In a press release reporting updates from the recent 71st World Health Assembly of the World Health Organization (WHO), member state delegates called special attention to development of a 5-year roadmap aimed at improving access to safe, effective, and affordable medicines and vaccines, a health target contained in the United Nations’ Sustainable Development Goals.1 The WHO also highlighted one of the key impediments of progress toward this target, the increasing numbers of substandard and falsified medicines (SF medicines) that undermine global health, social and economic progress, and human development.

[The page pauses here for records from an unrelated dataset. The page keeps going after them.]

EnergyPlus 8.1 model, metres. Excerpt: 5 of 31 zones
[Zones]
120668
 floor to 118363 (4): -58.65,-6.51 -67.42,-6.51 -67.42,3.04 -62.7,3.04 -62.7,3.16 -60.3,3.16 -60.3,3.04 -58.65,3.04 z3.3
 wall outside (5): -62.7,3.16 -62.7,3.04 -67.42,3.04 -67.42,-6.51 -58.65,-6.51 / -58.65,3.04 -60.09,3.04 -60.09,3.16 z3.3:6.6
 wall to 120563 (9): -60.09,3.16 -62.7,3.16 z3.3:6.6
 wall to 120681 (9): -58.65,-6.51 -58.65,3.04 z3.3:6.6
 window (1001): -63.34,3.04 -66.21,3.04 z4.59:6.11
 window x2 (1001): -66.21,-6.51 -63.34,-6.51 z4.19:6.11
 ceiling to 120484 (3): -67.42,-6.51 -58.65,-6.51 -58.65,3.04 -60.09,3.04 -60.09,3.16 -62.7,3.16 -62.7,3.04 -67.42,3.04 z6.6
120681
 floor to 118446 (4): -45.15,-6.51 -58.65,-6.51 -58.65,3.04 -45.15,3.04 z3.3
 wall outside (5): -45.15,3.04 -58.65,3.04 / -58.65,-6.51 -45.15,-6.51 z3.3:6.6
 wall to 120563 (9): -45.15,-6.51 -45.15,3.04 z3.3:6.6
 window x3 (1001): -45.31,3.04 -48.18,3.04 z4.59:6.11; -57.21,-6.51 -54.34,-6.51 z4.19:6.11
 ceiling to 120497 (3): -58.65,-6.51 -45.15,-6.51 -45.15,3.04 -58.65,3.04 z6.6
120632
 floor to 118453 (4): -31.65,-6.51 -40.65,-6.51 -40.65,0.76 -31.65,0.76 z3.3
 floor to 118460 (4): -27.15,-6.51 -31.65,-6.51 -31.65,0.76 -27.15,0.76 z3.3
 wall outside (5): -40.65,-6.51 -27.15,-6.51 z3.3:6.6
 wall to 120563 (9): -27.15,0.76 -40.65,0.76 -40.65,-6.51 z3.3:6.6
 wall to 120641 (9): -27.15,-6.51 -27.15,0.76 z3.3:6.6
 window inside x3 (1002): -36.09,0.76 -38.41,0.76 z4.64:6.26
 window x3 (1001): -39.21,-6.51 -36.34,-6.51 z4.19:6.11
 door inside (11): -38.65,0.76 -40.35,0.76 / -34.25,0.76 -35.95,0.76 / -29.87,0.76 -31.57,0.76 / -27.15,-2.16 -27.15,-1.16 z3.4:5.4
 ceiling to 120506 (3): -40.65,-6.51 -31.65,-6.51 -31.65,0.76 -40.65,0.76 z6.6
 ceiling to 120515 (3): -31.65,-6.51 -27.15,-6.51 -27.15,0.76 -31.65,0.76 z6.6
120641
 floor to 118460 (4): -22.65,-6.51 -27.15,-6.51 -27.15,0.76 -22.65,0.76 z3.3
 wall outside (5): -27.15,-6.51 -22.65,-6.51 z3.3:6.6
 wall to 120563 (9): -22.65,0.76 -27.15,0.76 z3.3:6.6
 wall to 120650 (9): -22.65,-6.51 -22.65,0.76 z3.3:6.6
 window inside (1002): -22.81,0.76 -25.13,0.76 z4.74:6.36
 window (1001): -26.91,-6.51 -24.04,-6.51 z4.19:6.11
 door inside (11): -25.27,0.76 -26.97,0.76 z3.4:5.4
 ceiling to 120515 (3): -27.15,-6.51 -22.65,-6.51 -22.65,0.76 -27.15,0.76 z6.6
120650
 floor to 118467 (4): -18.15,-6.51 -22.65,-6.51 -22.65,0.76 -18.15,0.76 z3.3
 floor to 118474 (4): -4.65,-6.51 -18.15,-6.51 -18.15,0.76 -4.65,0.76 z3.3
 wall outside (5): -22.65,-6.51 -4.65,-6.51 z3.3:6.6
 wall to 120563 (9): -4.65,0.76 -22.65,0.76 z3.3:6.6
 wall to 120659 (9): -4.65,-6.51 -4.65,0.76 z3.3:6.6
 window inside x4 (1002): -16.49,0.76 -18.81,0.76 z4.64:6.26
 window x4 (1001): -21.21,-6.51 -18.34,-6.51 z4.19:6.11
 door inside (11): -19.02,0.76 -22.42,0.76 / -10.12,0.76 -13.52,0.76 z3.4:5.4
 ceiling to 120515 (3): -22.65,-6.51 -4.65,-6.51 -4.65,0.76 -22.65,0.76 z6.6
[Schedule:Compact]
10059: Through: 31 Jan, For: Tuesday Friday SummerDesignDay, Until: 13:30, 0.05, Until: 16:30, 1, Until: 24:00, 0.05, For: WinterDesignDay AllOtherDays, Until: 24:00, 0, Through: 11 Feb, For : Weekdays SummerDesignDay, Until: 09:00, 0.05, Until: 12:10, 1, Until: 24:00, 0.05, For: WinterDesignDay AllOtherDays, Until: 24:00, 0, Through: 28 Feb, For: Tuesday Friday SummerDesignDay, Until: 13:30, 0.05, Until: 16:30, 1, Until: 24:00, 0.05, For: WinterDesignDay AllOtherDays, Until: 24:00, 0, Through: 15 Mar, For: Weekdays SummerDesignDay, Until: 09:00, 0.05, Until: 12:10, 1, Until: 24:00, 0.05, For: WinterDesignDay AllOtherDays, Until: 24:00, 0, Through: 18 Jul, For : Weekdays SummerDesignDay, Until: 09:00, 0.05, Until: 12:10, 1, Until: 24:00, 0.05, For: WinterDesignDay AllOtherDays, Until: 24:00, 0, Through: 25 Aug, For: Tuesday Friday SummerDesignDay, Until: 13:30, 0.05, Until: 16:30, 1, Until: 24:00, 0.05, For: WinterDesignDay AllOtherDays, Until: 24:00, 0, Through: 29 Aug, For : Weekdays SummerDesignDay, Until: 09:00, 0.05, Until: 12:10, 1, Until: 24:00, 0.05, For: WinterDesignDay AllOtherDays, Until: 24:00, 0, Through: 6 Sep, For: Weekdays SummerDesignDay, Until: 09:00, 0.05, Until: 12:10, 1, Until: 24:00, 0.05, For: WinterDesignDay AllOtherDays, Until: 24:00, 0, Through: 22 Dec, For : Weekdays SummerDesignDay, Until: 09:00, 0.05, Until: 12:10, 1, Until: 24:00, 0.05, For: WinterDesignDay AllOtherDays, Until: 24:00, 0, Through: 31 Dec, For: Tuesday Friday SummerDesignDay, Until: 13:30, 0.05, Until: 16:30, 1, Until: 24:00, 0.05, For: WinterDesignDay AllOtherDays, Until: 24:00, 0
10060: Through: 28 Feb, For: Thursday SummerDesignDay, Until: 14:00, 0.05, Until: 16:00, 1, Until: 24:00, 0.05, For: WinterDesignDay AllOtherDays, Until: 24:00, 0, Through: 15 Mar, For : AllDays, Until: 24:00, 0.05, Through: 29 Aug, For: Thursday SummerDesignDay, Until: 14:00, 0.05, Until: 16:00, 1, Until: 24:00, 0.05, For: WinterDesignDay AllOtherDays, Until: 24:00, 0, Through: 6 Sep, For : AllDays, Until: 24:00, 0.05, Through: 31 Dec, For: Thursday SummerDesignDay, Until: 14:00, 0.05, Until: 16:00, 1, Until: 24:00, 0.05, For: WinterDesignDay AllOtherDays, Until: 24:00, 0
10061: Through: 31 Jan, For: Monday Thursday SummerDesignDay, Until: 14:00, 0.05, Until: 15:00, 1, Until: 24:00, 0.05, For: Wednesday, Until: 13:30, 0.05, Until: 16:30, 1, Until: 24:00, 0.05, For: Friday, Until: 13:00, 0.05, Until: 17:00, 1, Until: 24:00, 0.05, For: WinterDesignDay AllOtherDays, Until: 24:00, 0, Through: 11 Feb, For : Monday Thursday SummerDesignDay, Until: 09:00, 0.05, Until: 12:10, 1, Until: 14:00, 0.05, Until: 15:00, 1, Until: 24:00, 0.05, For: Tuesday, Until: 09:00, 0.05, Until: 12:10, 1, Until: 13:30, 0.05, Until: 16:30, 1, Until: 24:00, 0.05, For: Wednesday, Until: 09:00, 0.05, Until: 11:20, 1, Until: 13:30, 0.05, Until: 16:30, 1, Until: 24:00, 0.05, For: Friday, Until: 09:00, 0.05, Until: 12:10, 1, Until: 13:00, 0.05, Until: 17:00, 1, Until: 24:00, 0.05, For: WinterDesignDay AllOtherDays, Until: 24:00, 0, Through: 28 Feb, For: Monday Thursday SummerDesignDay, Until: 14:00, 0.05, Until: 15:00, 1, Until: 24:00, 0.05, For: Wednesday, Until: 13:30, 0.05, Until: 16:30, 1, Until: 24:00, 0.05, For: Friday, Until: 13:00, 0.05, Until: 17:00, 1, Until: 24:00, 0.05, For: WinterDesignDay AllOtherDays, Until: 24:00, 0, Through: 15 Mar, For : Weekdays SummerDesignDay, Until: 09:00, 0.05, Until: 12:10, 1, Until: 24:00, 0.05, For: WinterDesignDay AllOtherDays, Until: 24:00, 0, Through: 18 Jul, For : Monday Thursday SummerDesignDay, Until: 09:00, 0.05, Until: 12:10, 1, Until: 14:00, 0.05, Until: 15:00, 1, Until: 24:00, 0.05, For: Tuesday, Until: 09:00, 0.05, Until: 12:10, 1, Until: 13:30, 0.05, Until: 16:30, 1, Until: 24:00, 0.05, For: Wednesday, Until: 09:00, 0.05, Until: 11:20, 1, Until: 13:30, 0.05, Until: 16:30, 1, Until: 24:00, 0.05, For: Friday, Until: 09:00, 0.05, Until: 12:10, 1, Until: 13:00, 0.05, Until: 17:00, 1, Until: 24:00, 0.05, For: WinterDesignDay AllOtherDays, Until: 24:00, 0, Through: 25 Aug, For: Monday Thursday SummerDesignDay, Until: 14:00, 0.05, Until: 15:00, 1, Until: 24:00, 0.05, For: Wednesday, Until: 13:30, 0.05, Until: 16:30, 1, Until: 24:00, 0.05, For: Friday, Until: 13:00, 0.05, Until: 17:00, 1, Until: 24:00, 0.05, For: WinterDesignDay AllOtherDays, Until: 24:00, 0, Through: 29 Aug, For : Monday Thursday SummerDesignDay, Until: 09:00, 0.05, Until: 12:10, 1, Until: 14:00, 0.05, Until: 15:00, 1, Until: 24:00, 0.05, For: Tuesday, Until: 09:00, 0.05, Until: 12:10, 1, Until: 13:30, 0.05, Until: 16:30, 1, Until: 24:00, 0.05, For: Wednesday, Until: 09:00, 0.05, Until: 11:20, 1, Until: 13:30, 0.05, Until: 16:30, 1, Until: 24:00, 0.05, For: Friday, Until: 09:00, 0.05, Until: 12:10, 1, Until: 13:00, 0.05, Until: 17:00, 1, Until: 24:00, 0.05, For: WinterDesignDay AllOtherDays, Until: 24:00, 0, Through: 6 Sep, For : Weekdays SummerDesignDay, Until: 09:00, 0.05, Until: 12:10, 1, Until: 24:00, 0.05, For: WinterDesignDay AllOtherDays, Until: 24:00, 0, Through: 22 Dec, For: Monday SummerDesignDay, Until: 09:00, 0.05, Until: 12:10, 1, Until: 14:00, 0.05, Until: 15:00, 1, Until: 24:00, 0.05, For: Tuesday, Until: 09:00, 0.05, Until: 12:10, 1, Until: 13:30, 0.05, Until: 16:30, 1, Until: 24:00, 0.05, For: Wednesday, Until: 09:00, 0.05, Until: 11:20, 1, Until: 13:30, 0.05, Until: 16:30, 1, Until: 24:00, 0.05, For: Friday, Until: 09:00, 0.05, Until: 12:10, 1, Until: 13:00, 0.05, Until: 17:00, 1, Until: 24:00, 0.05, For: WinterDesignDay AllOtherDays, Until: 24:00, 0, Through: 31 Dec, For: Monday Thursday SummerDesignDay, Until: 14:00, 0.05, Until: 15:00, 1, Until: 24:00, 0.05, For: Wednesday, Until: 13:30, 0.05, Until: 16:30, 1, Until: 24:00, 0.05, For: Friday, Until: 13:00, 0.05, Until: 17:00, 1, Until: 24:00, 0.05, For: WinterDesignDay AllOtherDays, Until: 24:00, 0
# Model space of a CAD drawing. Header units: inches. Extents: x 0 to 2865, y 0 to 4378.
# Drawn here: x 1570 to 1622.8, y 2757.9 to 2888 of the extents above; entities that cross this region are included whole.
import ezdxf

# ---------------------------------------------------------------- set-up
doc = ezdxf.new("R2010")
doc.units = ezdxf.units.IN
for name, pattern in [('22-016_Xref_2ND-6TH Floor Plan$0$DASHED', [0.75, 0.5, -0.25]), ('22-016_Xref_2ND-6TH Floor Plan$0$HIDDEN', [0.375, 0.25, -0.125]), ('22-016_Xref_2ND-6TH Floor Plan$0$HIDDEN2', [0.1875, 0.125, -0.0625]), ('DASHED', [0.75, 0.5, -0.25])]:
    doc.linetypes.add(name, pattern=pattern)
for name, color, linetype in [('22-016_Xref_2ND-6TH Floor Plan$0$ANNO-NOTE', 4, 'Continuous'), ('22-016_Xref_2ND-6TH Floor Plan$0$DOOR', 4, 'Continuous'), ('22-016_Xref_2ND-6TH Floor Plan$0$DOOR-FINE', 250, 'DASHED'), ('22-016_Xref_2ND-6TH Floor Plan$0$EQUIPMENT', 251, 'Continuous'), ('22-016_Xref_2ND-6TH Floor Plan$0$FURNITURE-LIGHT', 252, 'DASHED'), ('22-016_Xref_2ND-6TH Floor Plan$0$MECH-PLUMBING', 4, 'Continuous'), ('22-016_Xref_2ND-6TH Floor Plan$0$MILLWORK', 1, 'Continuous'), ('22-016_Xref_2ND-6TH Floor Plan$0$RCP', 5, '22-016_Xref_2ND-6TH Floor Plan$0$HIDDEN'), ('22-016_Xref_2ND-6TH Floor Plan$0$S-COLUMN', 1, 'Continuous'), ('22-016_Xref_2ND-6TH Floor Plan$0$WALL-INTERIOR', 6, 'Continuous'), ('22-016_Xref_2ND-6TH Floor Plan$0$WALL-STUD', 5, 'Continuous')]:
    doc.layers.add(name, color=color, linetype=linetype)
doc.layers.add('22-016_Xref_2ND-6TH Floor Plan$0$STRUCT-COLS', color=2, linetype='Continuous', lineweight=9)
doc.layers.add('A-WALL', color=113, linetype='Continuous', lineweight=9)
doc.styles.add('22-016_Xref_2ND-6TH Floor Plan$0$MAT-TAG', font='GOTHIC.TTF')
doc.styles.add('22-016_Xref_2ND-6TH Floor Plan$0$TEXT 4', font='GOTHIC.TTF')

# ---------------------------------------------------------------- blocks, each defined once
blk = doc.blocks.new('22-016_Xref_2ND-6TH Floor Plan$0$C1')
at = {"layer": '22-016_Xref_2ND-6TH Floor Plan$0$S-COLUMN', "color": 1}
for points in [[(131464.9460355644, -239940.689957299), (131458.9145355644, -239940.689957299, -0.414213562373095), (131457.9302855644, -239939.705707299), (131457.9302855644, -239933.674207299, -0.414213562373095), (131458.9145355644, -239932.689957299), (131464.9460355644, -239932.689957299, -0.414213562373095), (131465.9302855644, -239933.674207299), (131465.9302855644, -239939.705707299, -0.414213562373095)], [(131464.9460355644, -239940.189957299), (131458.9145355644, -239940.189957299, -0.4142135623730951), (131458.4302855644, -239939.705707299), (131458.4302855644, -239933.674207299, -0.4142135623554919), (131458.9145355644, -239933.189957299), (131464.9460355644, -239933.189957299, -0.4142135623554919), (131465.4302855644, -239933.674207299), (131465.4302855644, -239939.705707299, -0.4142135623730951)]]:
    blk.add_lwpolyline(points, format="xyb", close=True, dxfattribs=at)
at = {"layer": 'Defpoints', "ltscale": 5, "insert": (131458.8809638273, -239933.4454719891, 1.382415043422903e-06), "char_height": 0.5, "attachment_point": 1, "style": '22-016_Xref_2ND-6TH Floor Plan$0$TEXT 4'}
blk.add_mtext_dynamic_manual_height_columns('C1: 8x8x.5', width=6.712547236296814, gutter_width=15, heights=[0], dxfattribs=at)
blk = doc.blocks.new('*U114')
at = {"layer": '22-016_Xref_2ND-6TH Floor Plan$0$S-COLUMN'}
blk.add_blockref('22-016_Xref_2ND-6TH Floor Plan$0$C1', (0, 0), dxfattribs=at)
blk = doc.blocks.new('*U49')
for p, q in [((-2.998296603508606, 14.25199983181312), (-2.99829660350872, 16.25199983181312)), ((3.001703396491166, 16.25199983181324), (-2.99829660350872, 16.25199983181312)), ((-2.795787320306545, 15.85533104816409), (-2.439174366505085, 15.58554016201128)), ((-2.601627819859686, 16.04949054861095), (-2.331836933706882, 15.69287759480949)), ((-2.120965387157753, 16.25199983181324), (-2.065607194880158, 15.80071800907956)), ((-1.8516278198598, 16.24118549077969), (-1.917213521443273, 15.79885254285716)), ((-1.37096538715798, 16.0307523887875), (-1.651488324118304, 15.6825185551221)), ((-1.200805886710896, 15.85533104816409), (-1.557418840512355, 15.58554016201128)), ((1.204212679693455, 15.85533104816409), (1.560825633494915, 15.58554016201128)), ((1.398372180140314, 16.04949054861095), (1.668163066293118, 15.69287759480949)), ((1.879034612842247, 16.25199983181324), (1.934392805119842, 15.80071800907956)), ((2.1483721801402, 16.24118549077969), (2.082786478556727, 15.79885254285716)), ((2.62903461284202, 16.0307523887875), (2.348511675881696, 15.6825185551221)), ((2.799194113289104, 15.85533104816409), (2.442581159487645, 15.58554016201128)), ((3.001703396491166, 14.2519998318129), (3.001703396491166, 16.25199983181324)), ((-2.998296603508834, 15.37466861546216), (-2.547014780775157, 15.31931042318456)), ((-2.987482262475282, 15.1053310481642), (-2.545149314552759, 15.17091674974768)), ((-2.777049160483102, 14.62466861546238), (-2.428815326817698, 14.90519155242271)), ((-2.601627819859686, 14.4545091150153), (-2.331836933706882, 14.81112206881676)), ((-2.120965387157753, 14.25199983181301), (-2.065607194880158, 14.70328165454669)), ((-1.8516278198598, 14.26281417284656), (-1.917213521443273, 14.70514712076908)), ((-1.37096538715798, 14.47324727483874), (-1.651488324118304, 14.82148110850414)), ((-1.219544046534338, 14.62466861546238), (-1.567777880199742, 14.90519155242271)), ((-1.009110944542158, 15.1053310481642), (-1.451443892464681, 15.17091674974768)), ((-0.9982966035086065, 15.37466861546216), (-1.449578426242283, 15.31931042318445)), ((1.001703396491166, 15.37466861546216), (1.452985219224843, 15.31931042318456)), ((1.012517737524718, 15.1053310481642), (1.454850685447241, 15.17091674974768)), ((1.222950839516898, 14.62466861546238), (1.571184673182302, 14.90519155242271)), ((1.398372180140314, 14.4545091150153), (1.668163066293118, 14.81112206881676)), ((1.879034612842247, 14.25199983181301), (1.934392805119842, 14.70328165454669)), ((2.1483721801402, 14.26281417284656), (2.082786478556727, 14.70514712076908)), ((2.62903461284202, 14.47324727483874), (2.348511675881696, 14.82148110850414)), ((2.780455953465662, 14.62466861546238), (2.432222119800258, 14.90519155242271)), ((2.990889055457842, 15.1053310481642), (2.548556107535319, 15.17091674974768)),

Despite growing attention from a number of international organizations, including the WHO, the United Nations Office of Drugs and Crime, Interpol, and the World Customs Organization, the problem of falsified (ie, medical products deliberately and fraudulently misrepresenting their identity, composition, or source) and substandard (ie, authorized medical products that fail to meet their quality standards or specifications) medicines is not a recent phenomenon.2 In fact, as early as 1988, the World Health Assembly called for international action against the illicit trade in “counterfeit” medicines (a term WHO has abandoned, as it refers to a violation of intellectual property).2 More than 3 decades later, definitions have changed, resolutions have been adopted, reports have been issued, and new initiatives have been announced, but there remains a scarcity of empirical data on the actual prevalence, key characteristics, and economic impact of SF medicines.